Igor Ramos
Quinta-Feira, 10 de Janeiro 2008 - 23h1 Poli BFC I
Para tentar por um fim no descaso, a diretoria do Botafogo nomeou Gilberto Pinhata com o objetivo de salvar o poli da Vila Tibério, hoje às moscas.
Poli BFC II
O conselheiro Marcelo Luis Reis enviou proposta de arrendamento do clube no ano passado. Boa ou ruim, a mesma sequer foi analisada. O motivo: picuinhas políticas.
Jogo-treino I
Qualquer análise ainda é precipitada, mas aos poucos o Botafogo vai mostrando para que lado pretende fazer a curva.

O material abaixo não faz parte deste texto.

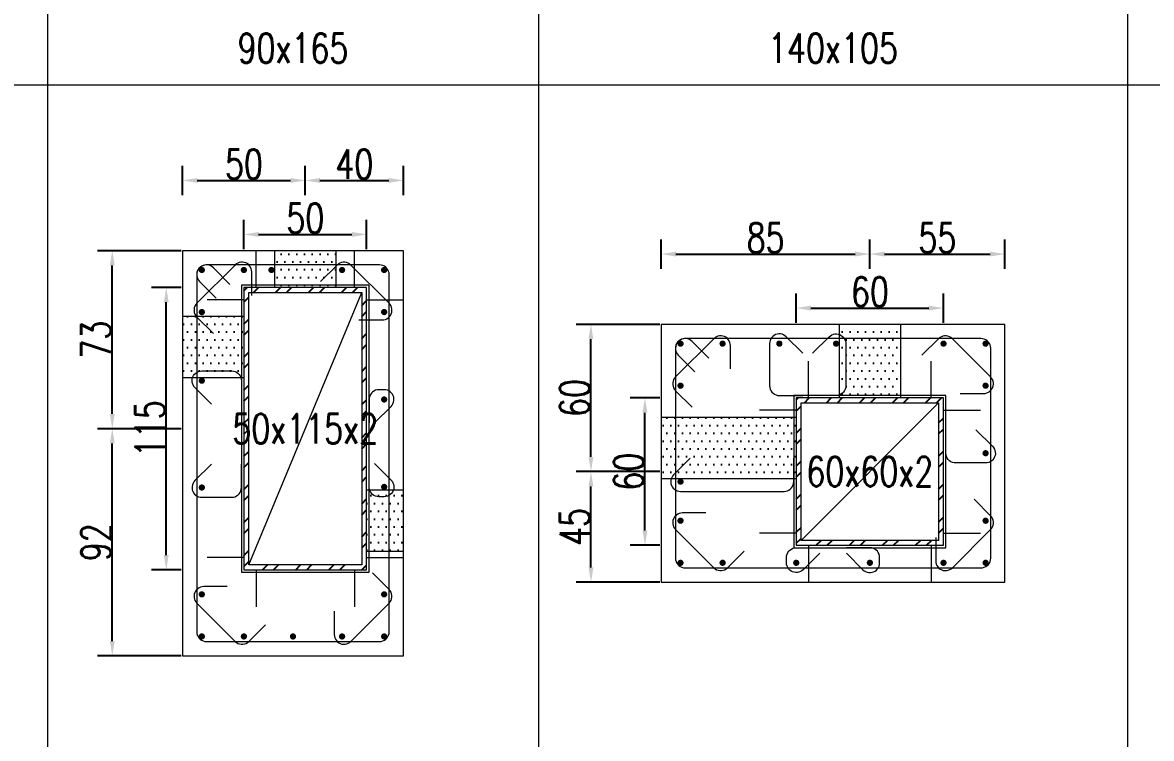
# Model space of a CAD drawing. Header units: millimetres. Extents: x 0 to 3905, y 0 to 8880.
# Drawn here: x 459.8 to 919.7, y 2145.8 to 2437.4 of the extents above; entities that cross this region are included whole.
import ezdxf
from ezdxf.enums import TextEntityAlignment as Align

# ---------------------------------------------------------------- set-up
doc = ezdxf.new("R2010")
doc.units = ezdxf.units.MM
doc.layers.get('DEFPOINTS').update_dxf_attribs({"color": 3})
for name, color, linetype in [('Hatch線', 6, 'Continuous'), ('TC-鋼粱', 132, 'Continuous'), ('主筋斷面', 2, 'Continuous'), ('文字-斷面尺寸', 7, 'Continuous'), ('文字-輔助字', 7, 'Continuous'), ('柱斷面線', 4, 'Continuous'), ('標註字', 4, 'Continuous'), ('箍筋線', 1, 'Continuous'), ('網格線', 7, 'Continuous'), ('鋼柱', 11, 'Continuous')]:
    doc.layers.add(name, color=color, linetype=linetype)
doc.styles.add('note', font='txt.shx', dxfattribs={"width": 0.75, "height": 12})
doc.styles.add('txt', font='txt.shx', dxfattribs={"height": 0.2, "bigfont": 'chineset.shx'})
doc.dimstyles.new('RCAD_DIM', dxfattribs={"dimtxt": 12, "dimasz": 6, "dimexe": 6, "dimexo": 0.625, "dimtad": 1, "dimdec": 0, "dimdsep": 46, "dimtxsty": 'note', "dimcen": 2.5, "dimclrd": 256, "dimclre": 256, "dimclrt": 256, "dimadec": 0, "dimazin": 0, "dimtfac": 1, "dimtmove": 0, "dimatfit": 3, "dimfxl": 0, "dimtolj": 1, "dimarcsym": 0})

# ---------------------------------------------------------------- blocks, each defined once
blk = doc.blocks.new('*D312')
at = {"layer": 'DEFPOINTS', "color": 0}
for p in [(600, 2351.12), (550, 2344.5), (600, 2344.5)]:
    blk.add_point(p, dxfattribs=at)
at = {"layer": '標註字', "lineweight": -2}
for p, q in [((550, 2345.12), (550, 2357.12)), ((600, 2345.12), (600, 2357.12)), ((556, 2351.12), (594, 2351.12))]:
    blk.add_line(p, q, dxfattribs=at)
at = {"layer": '標註字'}
for points in [[(556, 2352.12), (556, 2350.12), (550, 2351.12)], [(594, 2350.12), (594, 2352.12), (600, 2351.12)]]:
    blk.add_solid(points, dxfattribs=at)
at = {"layer": '標註字', "insert": (575, 2357.75), "char_height": 12, "attachment_point": 5, "style": 'note'}
blk.add_mtext('\\A1;50', dxfattribs=at)
blk = doc.blocks.new('*D313')
at = {"layer": 'DEFPOINTS', "color": 0}
for p in [(518.38, 2329.49), (525, 2329.49), (525, 2214.49)]:
    blk.add_point(p, dxfattribs=at)
at = {"layer": '標註字', "lineweight": -2}
for p, q in [((524.38, 2329.49), (512.38, 2329.49)), ((518.38, 2220.49), (518.38, 2323.49)), ((524.38, 2214.49), (512.38, 2214.49))]:
    blk.add_line(p, q, dxfattribs=at)
at = {"layer": '標註字'}
for points in [[(519.38, 2323.49), (517.38, 2323.49), (518.38, 2329.49)], [(517.38, 2220.49), (519.38, 2220.49), (518.38, 2214.49)]]:
    blk.add_solid(points, dxfattribs=at)
at = {"layer": '標註字', "insert": (511.75, 2271.99), "char_height": 12, "attachment_point": 5, "rotation": 90, "style": 'note'}
blk.add_mtext('\\A1;115', dxfattribs=at)
blk = doc.blocks.new('*D314')
at = {"layer": 'DEFPOINTS', "color": 0}
for p in [(575, 2373.12), (525, 2366.5), (575, 2366.5)]:
    blk.add_point(p, dxfattribs=at)
at = {"layer": '標註字', "lineweight": -2}
for p, q in [((525, 2367.12), (525, 2379.12)), ((575, 2367.12), (575, 2379.12)), ((531, 2373.12), (569, 2373.12))]:
    blk.add_line(p, q, dxfattribs=at)
at = {"layer": '標註字'}
for points in [[(531, 2374.12), (531, 2372.12), (525, 2373.12)], [(569, 2372.12), (569, 2374.12), (575, 2373.12)]]:
    blk.add_solid(points, dxfattribs=at)
at = {"layer": '標註字', "insert": (550, 2379.75), "char_height": 12, "attachment_point": 5, "style": 'note'}
blk.add_mtext('\\A1;50', dxfattribs=at)
blk = doc.blocks.new('*D315')
at = {"layer": 'DEFPOINTS', "color": 0}
for p in [(615, 2373.12), (575, 2366.5), (615, 2366.5)]:
    blk.add_point(p, dxfattribs=at)
at = {"layer": '標註字', "lineweight": -2}
for p, q in [((575, 2367.12), (575, 2379.12)), ((615, 2367.12), (615, 2379.12)), ((581, 2373.12), (609, 2373.12))]:
    blk.add_line(p, q, dxfattribs=at)
at = {"layer": '標註字'}
for points in [[(581, 2374.12), (581, 2372.12), (575, 2373.12)], [(609, 2372.12), (609, 2374.12), (615, 2373.12)]]:
    blk.add_solid(points, dxfattribs=at)
at = {"layer": '標註字', "insert": (595, 2379.75), "char_height": 12, "attachment_point": 5, "style": 'note'}
blk.add_mtext('\\A1;40', dxfattribs=at)
blk = doc.blocks.new('*D316')
at = {"layer": 'DEFPOINTS', "color": 0}
for p in [(496.38, 2271.99), (525, 2271.99), (525, 2179.5)]:
    blk.add_point(p, dxfattribs=at)
at = {"layer": '標註字', "lineweight": -2}
for p, q in [((524.38, 2271.99), (490.38, 2271.99)), ((496.38, 2185.5), (496.38, 2265.99)), ((524.38, 2179.5), (490.38, 2179.5))]:
    blk.add_line(p, q, dxfattribs=at)
at = {"layer": '標註字'}
for points in [[(497.38, 2265.99), (495.38, 2265.99), (496.38, 2271.99)], [(495.38, 2185.5), (497.38, 2185.5), (496.38, 2179.5)]]:
    blk.add_solid(points, dxfattribs=at)
at = {"layer": '標註字', "insert": (489.75, 2225.74), "char_height": 12, "attachment_point": 5, "rotation": 90, "style": 'note'}
blk.add_mtext('\\A1;92', dxfattribs=at)
blk = doc.blocks.new('*D317')
at = {"layer": 'DEFPOINTS', "color": 0}
for p in [(496.38, 2344.5), (525, 2344.5), (525, 2271.99)]:
    blk.add_point(p, dxfattribs=at)
at = {"layer": '標註字', "lineweight": -2}
for p, q in [((524.38, 2344.5), (490.38, 2344.5)), ((496.38, 2277.99), (496.38, 2338.5)), ((524.38, 2271.99), (490.38, 2271.99))]:
    blk.add_line(p, q, dxfattribs=at)
at = {"layer": '標註字'}
for points in [[(497.38, 2338.5), (495.38, 2338.5), (496.38, 2344.5)], [(495.38, 2277.99), (497.38, 2277.99), (496.38, 2271.99)]]:
    blk.add_solid(points, dxfattribs=at)
at = {"layer": '標註字', "insert": (489.75, 2308.24), "char_height": 12, "attachment_point": 5, "rotation": 90, "style": 'note'}
blk.add_mtext('\\A1;73', dxfattribs=at)
blk = doc.blocks.new('Circle_Filled')
at = {"const_width": 0.5}
blk.add_lwpolyline([(-0.25, 0, 1), (0.25, 0, 1)], format="xyb", close=True, dxfattribs=at)
blk = doc.blocks.new('*D444')
at = {"layer": 'DEFPOINTS', "color": 0}
for p in [(835, 2321.12), (775, 2314.5), (835, 2314.5)]:
    blk.add_point(p, dxfattribs=at)
at = {"layer": '標註字', "lineweight": -2}
for p, q in [((775, 2315.12), (775, 2327.12)), ((835, 2315.12), (835, 2327.12)), ((781, 2321.12), (829, 2321.12))]:
    blk.add_line(p, q, dxfattribs=at)
at = {"layer": '標註字'}
for points in [[(781, 2322.12), (781, 2320.12), (775, 2321.12)], [(829, 2320.12), (829, 2322.12), (835, 2321.12)]]:
    blk.add_solid(points, dxfattribs=at)
at = {"layer": '標註字', "insert": (805, 2327.75), "char_height": 12, "attachment_point": 5, "style": 'note'}
blk.add_mtext('\\A1;60', dxfattribs=at)
blk = doc.blocks.new('*D445')
at = {"layer": 'DEFPOINTS', "color": 0}
for p in [(713.38, 2284.5), (720, 2284.5), (720, 2224.5)]:
    blk.add_point(p, dxfattribs=at)
at = {"layer": '標註字', "lineweight": -2}
for p, q in [((719.38, 2284.5), (707.38, 2284.5)), ((713.38, 2230.5), (713.38, 2278.5)), ((719.38, 2224.5), (707.38, 2224.5))]:
    blk.add_line(p, q, dxfattribs=at)
at = {"layer": '標註字'}
for points in [[(714.38, 2278.5), (712.38, 2278.5), (713.38, 2284.5)], [(712.38, 2230.5), (714.38, 2230.5), (713.38, 2224.5)]]:
    blk.add_solid(points, dxfattribs=at)
at = {"layer": '標註字', "insert": (706.75, 2254.5), "char_height": 12, "attachment_point": 5, "rotation": 90, "style": 'note'}
blk.add_mtext('\\A1;60', dxfattribs=at)
blk = doc.blocks.new('*D446')
at = {"layer": 'DEFPOINTS', "color": 0}
for p in [(805, 2343.12), (720, 2336.5), (805, 2336.5)]:
    blk.add_point(p, dxfattribs=at)
at = {"layer": '標註字', "lineweight": -2}
for p, q in [((720, 2337.12), (720, 2349.12)), ((805, 2337.12), (805, 2349.12)), ((726, 2343.12), (799, 2343.12))]:
    blk.add_line(p, q, dxfattribs=at)
at = {"layer": '標註字'}
for points in [[(726, 2344.12), (726, 2342.12), (720, 2343.12)], [(799, 2342.12), (799, 2344.12), (805, 2343.12)]]:
    blk.add_solid(points, dxfattribs=at)
at = {"layer": '標註字', "insert": (762.5, 2349.75), "char_height": 12, "attachment_point": 5, "style": 'note'}
blk.add_mtext('\\A1;85', dxfattribs=at)
blk = doc.blocks.new('*D447')
at = {"layer": 'DEFPOINTS', "color": 0}
for p in [(860, 2343.12), (805, 2336.5), (860, 2336.5)]:
    blk.add_point(p, dxfattribs=at)
at = {"layer": '標註字', "lineweight": -2}
for p, q in [((805, 2337.12), (805, 2349.12)), ((860, 2337.12), (860, 2349.12)), ((811, 2343.12), (854, 2343.12))]:
    blk.add_line(p, q, dxfattribs=at)
at = {"layer": '標註字'}
for points in [[(811, 2344.12), (811, 2342.12), (805, 2343.12)], [(854, 2342.12), (854, 2344.12), (860, 2343.12)]]:
    blk.add_solid(points, dxfattribs=at)
at = {"layer": '標註字', "insert": (832.5, 2349.75), "char_height": 12, "attachment_point": 5, "style": 'note'}
blk.add_mtext('\\A1;55', dxfattribs=at)
blk = doc.blocks.new('*D448')
at = {"layer": 'DEFPOINTS', "color": 0}
for p in [(691.38, 2254.5), (720, 2254.5), (720, 2209.5)]:
    blk.add_point(p, dxfattribs=at)
at = {"layer": '標註字', "lineweight": -2}
for p, q in [((719.38, 2254.5), (685.38, 2254.5)), ((691.38, 2215.5), (691.38, 2248.5)), ((719.38, 2209.5), (685.38, 2209.5))]:
    blk.add_line(p, q, dxfattribs=at)
at = {"layer": '標註字'}
for points in [[(692.38, 2248.5), (690.38, 2248.5), (691.38, 2254.5)], [(690.38, 2215.5), (692.38, 2215.5), (691.38, 2209.5)]]:
    blk.add_solid(points, dxfattribs=at)
at = {"layer": '標註字', "insert": (684.75, 2232), "char_height": 12, "attachment_point": 5, "rotation": 90, "style": 'note'}
blk.add_mtext('\\A1;45', dxfattribs=at)
blk = doc.blocks.new('*D449')
at = {"layer": 'DEFPOINTS', "color": 0}
for p in [(691.38, 2314.5), (720, 2314.5), (720, 2254.5)]:
    blk.add_point(p, dxfattribs=at)
at = {"layer": '標註字', "lineweight": -2}
for p, q in [((719.38, 2314.5), (685.38, 2314.5)), ((691.38, 2260.5), (691.38, 2308.5)), ((719.38, 2254.5), (685.38, 2254.5))]:
    blk.add_line(p, q, dxfattribs=at)
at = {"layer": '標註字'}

É cedo para julgar a capacidade desta equipe e dizer até onde ela pode chegar na A2, mas que preocupa, preocupa.
Jogo-treino II
Carlos Rossi ficou irritado ao saber que Pinho havia dado entrevista à rádio 79 AM, fazendo críticas ao time do Botafogo. “Ele deve estar procurando emprego”, disparou. Rossi já dá sinais que a pressão começa a incomodá-lo. O treinador, porém, mostrou convicção na sua aposta de que o time vai longe na A2. Para isto comparou as derrotas sofridas por outros times que estão na mesma divisão, e que são apontados como favoritos. Mas vejamos: se resultado não conta para o Bota, não conta para os outros também, oras.
Timemania
A Caixa se comprometeu a divulgar a lista dos times que aderiram à Timemania. Segundo a assessoria, isto aconteceria ontem. Mas a lista não saiu, pois a Caixa ainda confere documentos. Até o final do mês, os clubes participantes serão conhecidos. A loteria deve entrar em circulação até o final de fevereiro.
Aproximação
A Francana jogou com o Palmeiras, a Internacional vai jogar com o Corinthians. Botafogo e Comercial poderiam fazer o mesmo. Esta aproximação dos clubes grandes só traz benefícios. No caso do Botafogo poderia ser uma semente plantada para que jogos de grande porte pudessem ser realizados no Santa Cruz, um dos poucos do Brasil com habite-se. É desejo dos grandes levar partidas para o interior. Mas por aqui não há mobilização neste sentido. Faltam “relações públicas”.
Transparência
Clubes grandes divulgam sem nenhum constrangimento os valores de seus contratos de patrocínio. No interior está prática não existe e a desculpa é sempre a mesma. O medo de penhoras. Depois ainda falam em transparência.
Os clubes são públicos e deveriam escancarar seus balancetes.